Эта невинная с ее стороны, но обременительная для меня привычка, разумеется, не могла ускользнуть от внимания Барбары; однако гнев ее обратился не на девушку. На меня. Моя, как она говорила, «привязанность» не только нелепа, она бьет всем в глаза и подрывает мой авторитет. Что-то очень не в порядке у меня самого, коль скоро я предпочитаю недоразвитых, свихнувшихся дебилок.
Конечно, когда девушка взяла моду прибегать на край поля и безмятежно ждать, покуда я не пройду мимо с плугом, я не сомневался, что услышу от Барбары новые резкости, еще похлеще. Но девушку невозможно было отвадить, во всяком случае, у меня не хватало духу поговорить с нею достаточно круто
— и вот изо дня в день она часами простаивала, глядя, как я тяну свои борозды то вправо, то влево; потом она приносила мне еду, и послушно отщипывала кусочек, когда я предлагал ей разделить со мной трапезу.
С окончанием полевых работ Мидбин применил новую методику. Теперь он показывал девушке рисунки, этап за этапом воспроизводившие сцену нападения; в стремлении выявить какие-то новые мелкие детали он выжимал и выкручивал меня, как тряпку, стараясь сделать рисунки поточнее. Ее реакция обрадовала его безмерно. На первые картинки она ответила кивками и горловыми звуками, которые мы расценили, как знак понимания с ее стороны. Изображение самого нападения — убийство кучера, бегство лакея и то, как она пряталась среди кукурузы — вызвали всхлипывания; а на расстрел Эскобаров она ответила тем, что съежилась и закрыла глаза.

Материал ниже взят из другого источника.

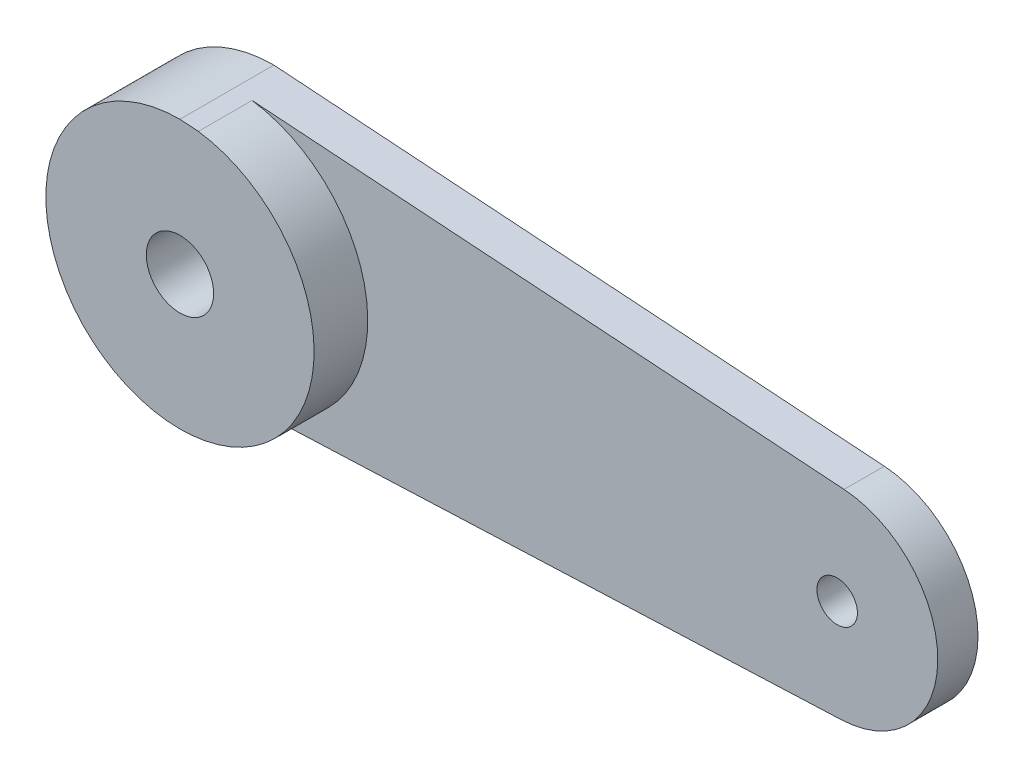
from build123d import *

# Parameters (mm, degrees)
SKETCH1_R           = 2.51
BOSS_EXTRUDE1_DEPTH = 7
SKETCH1_3_R         = 1.51
BOSS_EXTRUDE2_DEPTH = 3


with BuildPart() as part:
    # Sketch1 → Boss-Extrude1 (new body)
    with BuildSketch(Plane.XY):
        with BuildLine():
            Line((1.373905706, 9.905169514), (0, 10))
            ThreePointArc((0, 10), (-10, 0), (0, -10))
            Line((0, -10), (0.829742277, -9.965516934))
            ThreePointArc((0.829742277, -9.965516934), (7.3585808, -6.771357959), (10, 0))
            ThreePointArc((10, 0), (7.541188801, 6.567379346), (1.373905706, 9.905169514))
        make_face()
        Circle(SKETCH1_R, mode=Mode.SUBTRACT)
    extrude(amount=BOSS_EXTRUDE1_DEPTH)

    # Sketch1<3> → Boss-Extrude2 (add)
    with BuildSketch(Plane.XY):
        with BuildLine():
            Line((45.512119929, 6.858637088), (1.373905706, 9.905169514))
            ThreePointArc((1.373905706, 9.905169514), (9.996252352, -0.273749725), (0.829742277, -9.965516934))
            Line((0.829742277, -9.965516934), (45.307101416, -8.117092704))
            ThreePointArc((45.307101416, -8.117092704), (52.49497676, -0.726226835), (45.512119929, 6.858637088))
        make_face()
        with Locations((44.995679477, -0.623561069)):
            Circle(SKETCH1_3_R, mode=Mode.SUBTRACT)
    extrude(amount=BOSS_EXTRUDE2_DEPTH)


solid = part.part
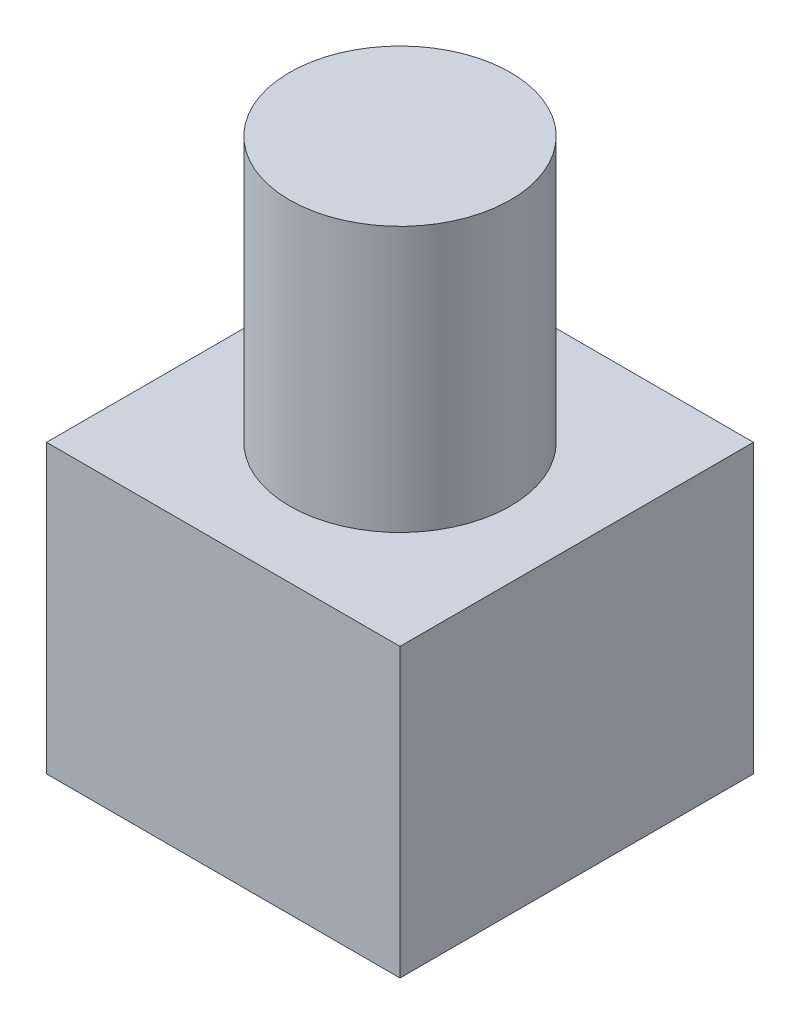
from build123d import *

# Parameters (mm, degrees)
SZKIC1_W                    = 8
SZKIC1_H                    = 8
DODANIE_WYCI_GNI_CIE1_DEPTH = 6.5
SZKIC2_R                    = 2.5
DODANIE_WYCI_GNI_CIE2_DEPTH = 6


with BuildPart() as part:
    # Szkic1 → Dodanie-wyciągnięcie1 (new body)
    with BuildSketch(Plane(origin=(0, 0, 0), x_dir=(1, 0, 0), z_dir=(0, 1, 0))):
        Rectangle(SZKIC1_W, SZKIC1_H)
    extrude(amount=DODANIE_WYCI_GNI_CIE1_DEPTH)

    # Szkic2 → Dodanie-wyciągnięcie2 (add)
    with BuildSketch(Plane(origin=(0, 6.5, 0), x_dir=(1, 0, 0), z_dir=(0, 1, 0))):
        with Locations(Location((0, 0, 0), (0, 0, 270))):
            Circle(SZKIC2_R)
    extrude(amount=DODANIE_WYCI_GNI_CIE2_DEPTH)


solid = part.part

Думаю, я никогда не страдал избытком чувства такта, но у меня хватило ума не рассказывать обо всем этом Барбаре. Однако Мидбин после того, как на один из рисунков последовала очень уж обнадеживающая реакция, мимоходом заметил:
— Давненько Барбары не было. Ей бы следовало зайти ко мне.
Когда я передал ей эти слова, она буквально взорвалась:
— Как ты смеешь обсуждать меня с этим придурком?
— Ты не так поняла. Мы тебя вовсе не обсуждали. Мидбин сказал только…
— Да знаю я, что он сказал. Я знаю все его глупости наперечет.
— Он хочет тебе помочь, вот и все.
— Помочь мне? Мне!!! Я что — немая, слепая или умалишенная?
— Пожалуйста, Барбара…
— Непривлекательная, да? Я знаю. Я видела тебя с этой тварью. Как же ты должен меня ненавидеть, если разгуливаешь с нею на глазах у всех!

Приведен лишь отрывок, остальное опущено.